You may find that you can't remember your mail settings. But there are a few things you have to know to set up your new mail client. Here's a quick checklist of what you need:
 

Both mail server names, POP and SMTP
Login name
Password
E-mail address
Account name


If you can't remember the password, don't worry. There are some downloadable utilities that can decrypt this for you. Just do a Google search to track them down.


#6: Address Book


Export your address book to a spreadsheet.
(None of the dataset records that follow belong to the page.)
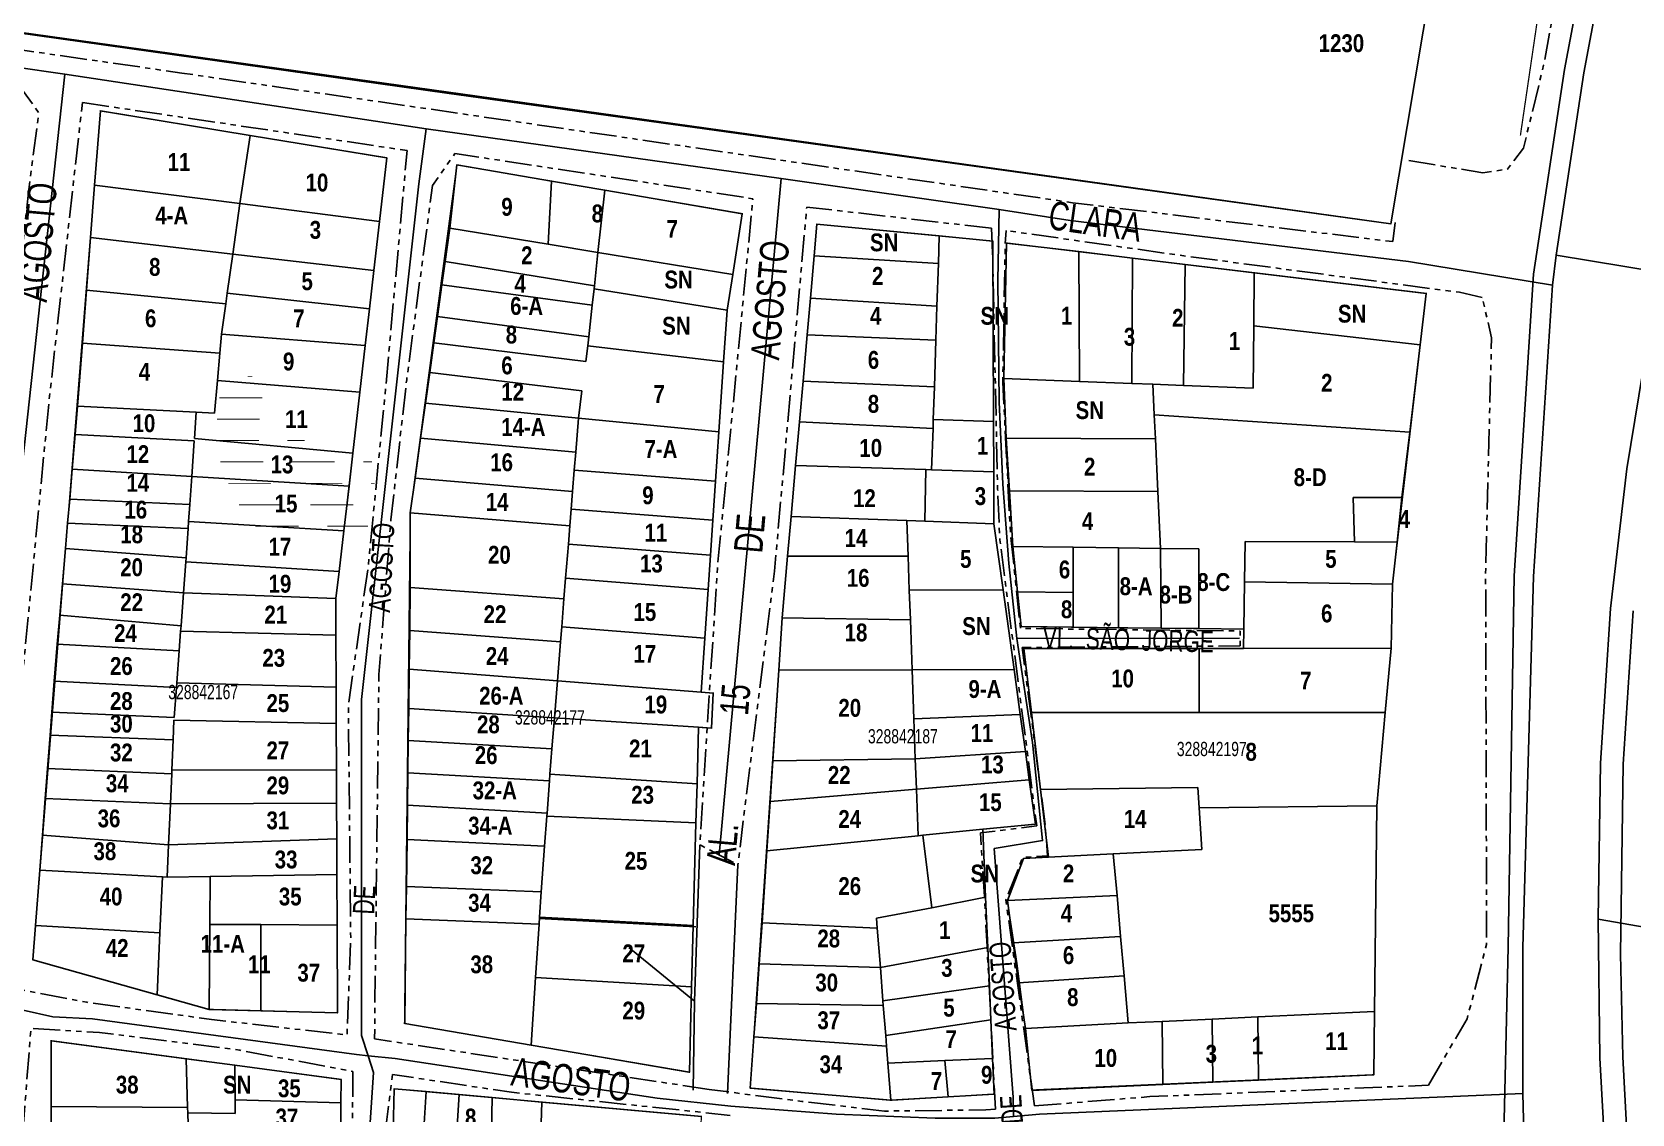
# Model space of a CAD drawing. Extents: x 204381 to 207261, y 4847713 to 4851061.
# Drawn here: x 204997.2 to 205221.4, y 4850060.9 to 4850212.5 of the extents above; entities that cross this region are included whole.
import ezdxf
from ezdxf.enums import TextEntityAlignment as Align

# ---------------------------------------------------------------- set-up
doc = ezdxf.new("R2010")
doc.units = 0
doc.header["$LTSCALE"] = 1.5
doc.header["$MEASUREMENT"] = 0
doc.linetypes.add('PHANTOMX2', pattern=[5, 2.5, -0.5, 0.5, -0.5, 0.5, -0.5])
for name, color, linetype in [('CD-MALHA-LOTES', 40, 'CONTINUOUS'), ('CD_TXT_QUADRA', 7, 'CONTINUOUS'), ('HD-AREA-SUJ-INUND', 170, 'CONTINUOUS'), ('HD-VALAS-DRENOS', 170, 'CONTINUOUS'), ('RU-QUADRAS', 210, 'CONTINUOUS'), ('SV-EIXO-ROD-ESTR', 7, 'CONTINUOUS'), ('SV-EIXO-RUA-N-PAV', 6, 'CONTINUOUS'), ('SV-EST-MUNIC-PAV', 1, 'CONTINUOUS'), ('SV-ESTIVAS', 7, 'CONTINUOUS'), ('SV-RUA-NAO-PAV-S-GUIA-C-GUIA', 7, 'PHANTOMX2'), ('SV-TXT-RUA-N-PAV-S-GUIA-C-GUIA', 7, 'CONTINUOUS'), ('Th_NmrPort', 7, 'CONTINUOUS')]:
    doc.layers.add(name, color=color, linetype=linetype)
doc.styles.add('3288-42-2D_TXT$0$ARIAL', font='ARIAL.TTF')
doc.styles.add('ARIAL', font='ARIAL.TTF')
doc.styles.get("Standard").update_dxf_attribs({"font": 'swisscbo.ttf'})

# ---------------------------------------------------------------- blocks, each defined once
blk = doc.blocks.new('*X6')
at = {"layer": 'HD-AREA-SUJ-INUND', "const_width": 0.13}
for points in [[(205027.40208, 4850164.215045), (205028.059763, 4850164.215051)], [(205023.442113, 4850161.214972), (205029.442113, 4850161.216006)], [(205023.081407, 4850158.214935), (205029.081407, 4850158.215822)], [(205022.976418, 4850155.214901), (205028.976418, 4850155.215665)], [(205032.976418, 4850155.216174), (205034.976418, 4850155.216429)], [(205034.976418, 4850155.216429), (205035.39959, 4850155.215025)], [(205023.584126, 4850152.214874), (205029.584126, 4850152.21546)], [(205033.584126, 4850152.21585), (205039.584126, 4850152.216435)], [(205043.584126, 4850152.216825), (205044.584126, 4850152.216923)], [(205044.584126, 4850152.216923), (205044.821937, 4850152.215087)], [(205024.672117, 4850149.214852), (205030.672117, 4850149.215448)], [(205034.672117, 4850149.215844), (205040.672117, 4850149.21644)], [(205044.672117, 4850149.216837), (205045.196187, 4850149.215057)], [(205026.196295, 4850146.214834), (205032.196295, 4850146.215458)], [(205036.196295, 4850146.215873), (205042.196295, 4850146.216496)], [(205028.540584, 4850143.214825), (205034.540584, 4850143.215504)], [(205038.540584, 4850143.215957), (205043.540584, 4850143.216523)], [(205043.540584, 4850143.216523), (205044.265425, 4850143.214982)]]:
    blk.add_lwpolyline(points, dxfattribs=at)

msp = doc.modelspace()

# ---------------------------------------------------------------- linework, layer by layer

Not only does this allow you to import it into your new mail client, but viewing the information in a spreadsheet makes it easy to clear out all those old contacts that are no longer valid. I forgot to do this and had the awful job of unplugging my new PC and setting up the old one to extract information.


#7: Antivirus


It's easy to forget to load an effective antivirus package. While you're preparing all the stuff you need to transfer, download the latest updates and add them to the CD. This will mean you can protect your PC before connecting to the Internet. Essential when you consider that according to one report, an unprotected computer will, on average, have to be connected for less than 12 minutes before being attacked by some kind of virus or malware.


#8: Spyware


As with #7, there are many packages to install. Make sure that you have everything ready to load when you unpack the new box.


#9: Ad blockers


Most modern browsers claim to block ads for you. However, I've found that it's sometimes beneficial to employ the "belt and braces principle" and load additional protection. Again, check that you've downloaded what you need so that you can preload it before connecting.


#10: Applications


It probably took you years to organize your system the way you like it. You'll probably won't care about some things you have loaded. But for those you do, make sure you've tracked down the installation disks and product keys. The process will be easier if you prepare a list of applications and check the list as you install. While you're about it, take the opportunity to remove the free bundled software that you won't ever use.


Follow these steps, and you'll have a system that is new and reliable yet has everything you liked about your old PC. One final note: Remember that your wallpaper images will need to be recovered as well, unless you want to make a complete break and try some news ones.